Cheryl Della Pietra: And it was one of those things I really backed into because it's like, "You know what? I'm going to shelve this novel and I'm going to work on something else." And I said, "You know that's really good material." You know, I kind of backed into it and then I was like, "Well maybe I could write a novel about that." The first scene I wrote was the scene at the end, which I'm not going to give away because it's kind of a turning point. But I remember my son was asleep in the back of the car. He was like one or two and I was down at the beach, because the only way he would sleep is if I drove around the car. And I wrote one of the last scenes in the book and I was like, "Hmm. That's pretty good." And I [inaudible 00:24:27] "Try starting from the beginning."
Paul Kix: That's amazing, how life and art weave themselves together here because a lot of the story itself is about grit and determination and perseverance. Right?
Cheryl Della Pietra: Right.
Paul Kix:
Paul Kix: And then there's been the success of Gonzo Girl, so I was hoping that perhaps we could talk about that for just a second before we go. So this has been optioned and it's ... like where does it stand? Is this actually going to become a movie now?
Cheryl Della Pietra: Yes, I think so. You know they've involved me on some level with the screenplay. I've read it. I've contributed a couple of little things here and there, but they've really done a tremendous job with it. It's on it's way and I'm really excited about it because I do think there's something very cinematic about the book that I think will translate really nicely to the screen. I feel like it's in really good hands, so I have a lot of confidence in the team that has taken it on and really, really excited about it.
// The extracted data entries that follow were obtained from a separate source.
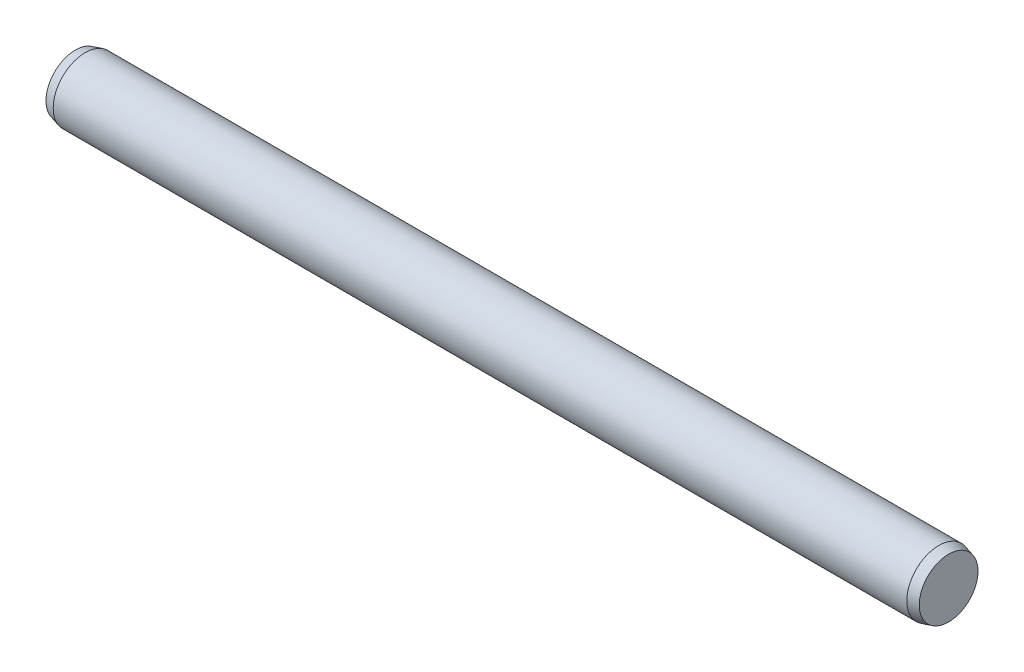
ISO-10303-21;
HEADER;
FILE_DESCRIPTION(('STEP AP214'),'2;1');
FILE_NAME('part.step','',(''),(''),'','','');
FILE_SCHEMA(('AUTOMOTIVE_DESIGN { 1 0 10303 214 1 1 1 1 }'));
ENDSEC;
DATA;
#1=APPLICATION_CONTEXT('core data for automotive mechanical design processes');
#2=APPLICATION_PROTOCOL_DEFINITION('international standard','automotive_design',2000,#1);
#3=PRODUCT_CONTEXT('',#1,'mechanical');
#4=PRODUCT('Part','Part','',(#3));
#5=PRODUCT_RELATED_PRODUCT_CATEGORY('part','',(#4));
#6=PRODUCT_DEFINITION_FORMATION('','',#4);
#7=PRODUCT_DEFINITION_CONTEXT('part definition',#1,'design');
#8=PRODUCT_DEFINITION('design','',#6,#7);
#9=PRODUCT_DEFINITION_SHAPE('','',#8);
#10=(LENGTH_UNIT() NAMED_UNIT(*) SI_UNIT(.MILLI.,.METRE.));
#11=(NAMED_UNIT(*) PLANE_ANGLE_UNIT() SI_UNIT($,.RADIAN.));
#12=(NAMED_UNIT(*) SI_UNIT($,.STERADIAN.) SOLID_ANGLE_UNIT());
#13=UNCERTAINTY_MEASURE_WITH_UNIT(LENGTH_MEASURE(1.E-05),#10,'distance_accuracy_value','');
#14=(GEOMETRIC_REPRESENTATION_CONTEXT(3) GLOBAL_UNCERTAINTY_ASSIGNED_CONTEXT((#13)) GLOBAL_UNIT_ASSIGNED_CONTEXT((#10,
#11,#12)) REPRESENTATION_CONTEXT('',''));
#15=CARTESIAN_POINT('',(0.,0.,0.));
#16=DIRECTION('',(0.,0.,1.));
#17=DIRECTION('',(1.,0.,0.));
#18=AXIS2_PLACEMENT_3D('',#15,#16,#17);
#19=CARTESIAN_POINT('',(-10.,0.,0.));
#20=DIRECTION('',(1.,0.,0.));
#21=DIRECTION('',(0.,0.,-1.));
#22=AXIS2_PLACEMENT_3D('',#19,#20,#21);
#23=CYLINDRICAL_SURFACE('',#22,0.750000000000002);
#24=CARTESIAN_POINT('',(-10.,0.,0.));
#25=DIRECTION('',(-1.,0.,0.));
#26=DIRECTION('',(0.,0.,1.));
#27=AXIS2_PLACEMENT_3D('',#24,#25,#26);
#28=CIRCLE('',#27,0.750000000000002);
#29=CARTESIAN_POINT('',(-10.,0.,0.750000000000002));
#30=VERTEX_POINT('',#29);
#31=EDGE_CURVE('E44',#30,#30,#28,.T.);
#32=ORIENTED_EDGE('',*,*,#31,.F.);
#33=EDGE_LOOP('',(#32));
#34=FACE_BOUND('',#33,.T.);
#35=CARTESIAN_POINT('',(10.,0.,0.));
#36=DIRECTION('',(1.,0.,0.));
#37=DIRECTION('',(0.,0.,-1.));
#38=AXIS2_PLACEMENT_3D('',#35,#36,#37);
#39=CIRCLE('',#38,0.750000000000002);
#40=CARTESIAN_POINT('',(10.,0.,-0.750000000000002));
#41=VERTEX_POINT('',#40);
#42=EDGE_CURVE('E10',#41,#41,#39,.T.);
#43=ORIENTED_EDGE('',*,*,#42,.F.);
#44=EDGE_LOOP('',(#43));
#45=FACE_BOUND('',#44,.T.);
#46=ADVANCED_FACE('F30',(#34,#45),#23,.T.);
#47=CARTESIAN_POINT('',(10.,0.,0.));
#48=DIRECTION('',(-1.,0.,0.));
#49=DIRECTION('',(0.,0.,-1.));
#50=AXIS2_PLACEMENT_3D('',#47,#48,#49);
#51=CONICAL_SURFACE('',#50,0.750000000000002,0.26179938779915);
#52=CARTESIAN_POINT('',(10.23,0.,0.));
#53=DIRECTION('',(1.,0.,0.));
#54=DIRECTION('',(0.,0.,-1.));
#55=AXIS2_PLACEMENT_3D('',#52,#53,#54);
#56=CIRCLE('',#55,0.688371685740845);
#57=CARTESIAN_POINT('',(10.23,0.,-0.688371685740845));
#58=VERTEX_POINT('',#57);
#59=EDGE_CURVE('E36',#58,#58,#56,.T.);
#60=ORIENTED_EDGE('',*,*,#59,.F.);
#61=EDGE_LOOP('',(#60));
#62=FACE_BOUND('',#61,.T.);
#63=ORIENTED_EDGE('',*,*,#42,.T.);
#64=EDGE_LOOP('',(#63));
#65=FACE_BOUND('',#64,.T.);
#66=ADVANCED_FACE('F54',(#62,#65),#51,.T.);
#67=CARTESIAN_POINT('',(10.23,0.,0.));
#68=DIRECTION('',(1.,0.,0.));
#69=DIRECTION('',(0.,0.,-1.));
#70=AXIS2_PLACEMENT_3D('',#67,#68,#69);
#71=PLANE('',#70);
#72=ORIENTED_EDGE('',*,*,#59,.T.);
#73=EDGE_LOOP('',(#72));
#74=FACE_BOUND('',#73,.T.);
#75=ADVANCED_FACE('F58',(#74),#71,.T.);
#76=CARTESIAN_POINT('',(-10.,0.,0.));
#77=DIRECTION('',(1.,0.,0.));
#78=DIRECTION('',(0.,0.,1.));
#79=AXIS2_PLACEMENT_3D('',#76,#77,#78);
#80=CONICAL_SURFACE('',#79,0.750000000000002,0.26179938779915);
#81=CARTESIAN_POINT('',(-10.23,0.,0.));
#82=DIRECTION('',(-1.,0.,0.));
#83=DIRECTION('',(0.,0.,1.));
#84=AXIS2_PLACEMENT_3D('',#81,#82,#83);
#85=CIRCLE('',#84,0.688371685740845);
#86=CARTESIAN_POINT('',(-10.23,0.,0.688371685740845));
#87=VERTEX_POINT('',#86);
#88=EDGE_CURVE('E40',#87,#87,#85,.T.);
#89=ORIENTED_EDGE('',*,*,#88,.F.);
#90=EDGE_LOOP('',(#89));
#91=FACE_BOUND('',#90,.T.);
#92=ORIENTED_EDGE('',*,*,#31,.T.);
#93=EDGE_LOOP('',(#92));
#94=FACE_BOUND('',#93,.T.);
#95=ADVANCED_FACE('F50',(#91,#94),#80,.T.);
#96=CARTESIAN_POINT('',(-10.23,0.,0.));
#97=DIRECTION('',(-1.,0.,0.));
#98=DIRECTION('',(0.,0.,1.));
#99=AXIS2_PLACEMENT_3D('',#96,#97,#98);
#100=PLANE('',#99);
#101=ORIENTED_EDGE('',*,*,#88,.T.);
#102=EDGE_LOOP('',(#101));
#103=FACE_BOUND('',#102,.T.);
#104=ADVANCED_FACE('F67',(#103),#100,.T.);
#105=CLOSED_SHELL('',(#46,#66,#75,#95,#104));
#106=MANIFOLD_SOLID_BREP('B2',#105);
#107=ADVANCED_BREP_SHAPE_REPRESENTATION('',(#18,#106),#14);
#108=SHAPE_DEFINITION_REPRESENTATION(#9,#107);
ENDSEC;
END-ISO-10303-21;

Paul Kix: Congratulations. It's huge. And you're absolutely right. So much of that book is scene driven, cinematic. I kept as I was reading it, I could see it, I could see so many moments from that. So congratulations.
Cheryl Della Pietra: Thank you.
Paul Kix: You deserve all the credit and everything great is coming your way. Cheryl, I want to thank you for coming on the show. If you have not read Gonzo Girl, I highly recommend it. And are you working on, just real quick, are you working on something new?
Cheryl Della Pietra: I am. I'm almost done with something new but not quite talking about it yet.
Paul Kix: That's fair. All right. Well, thanks again, Cheryl.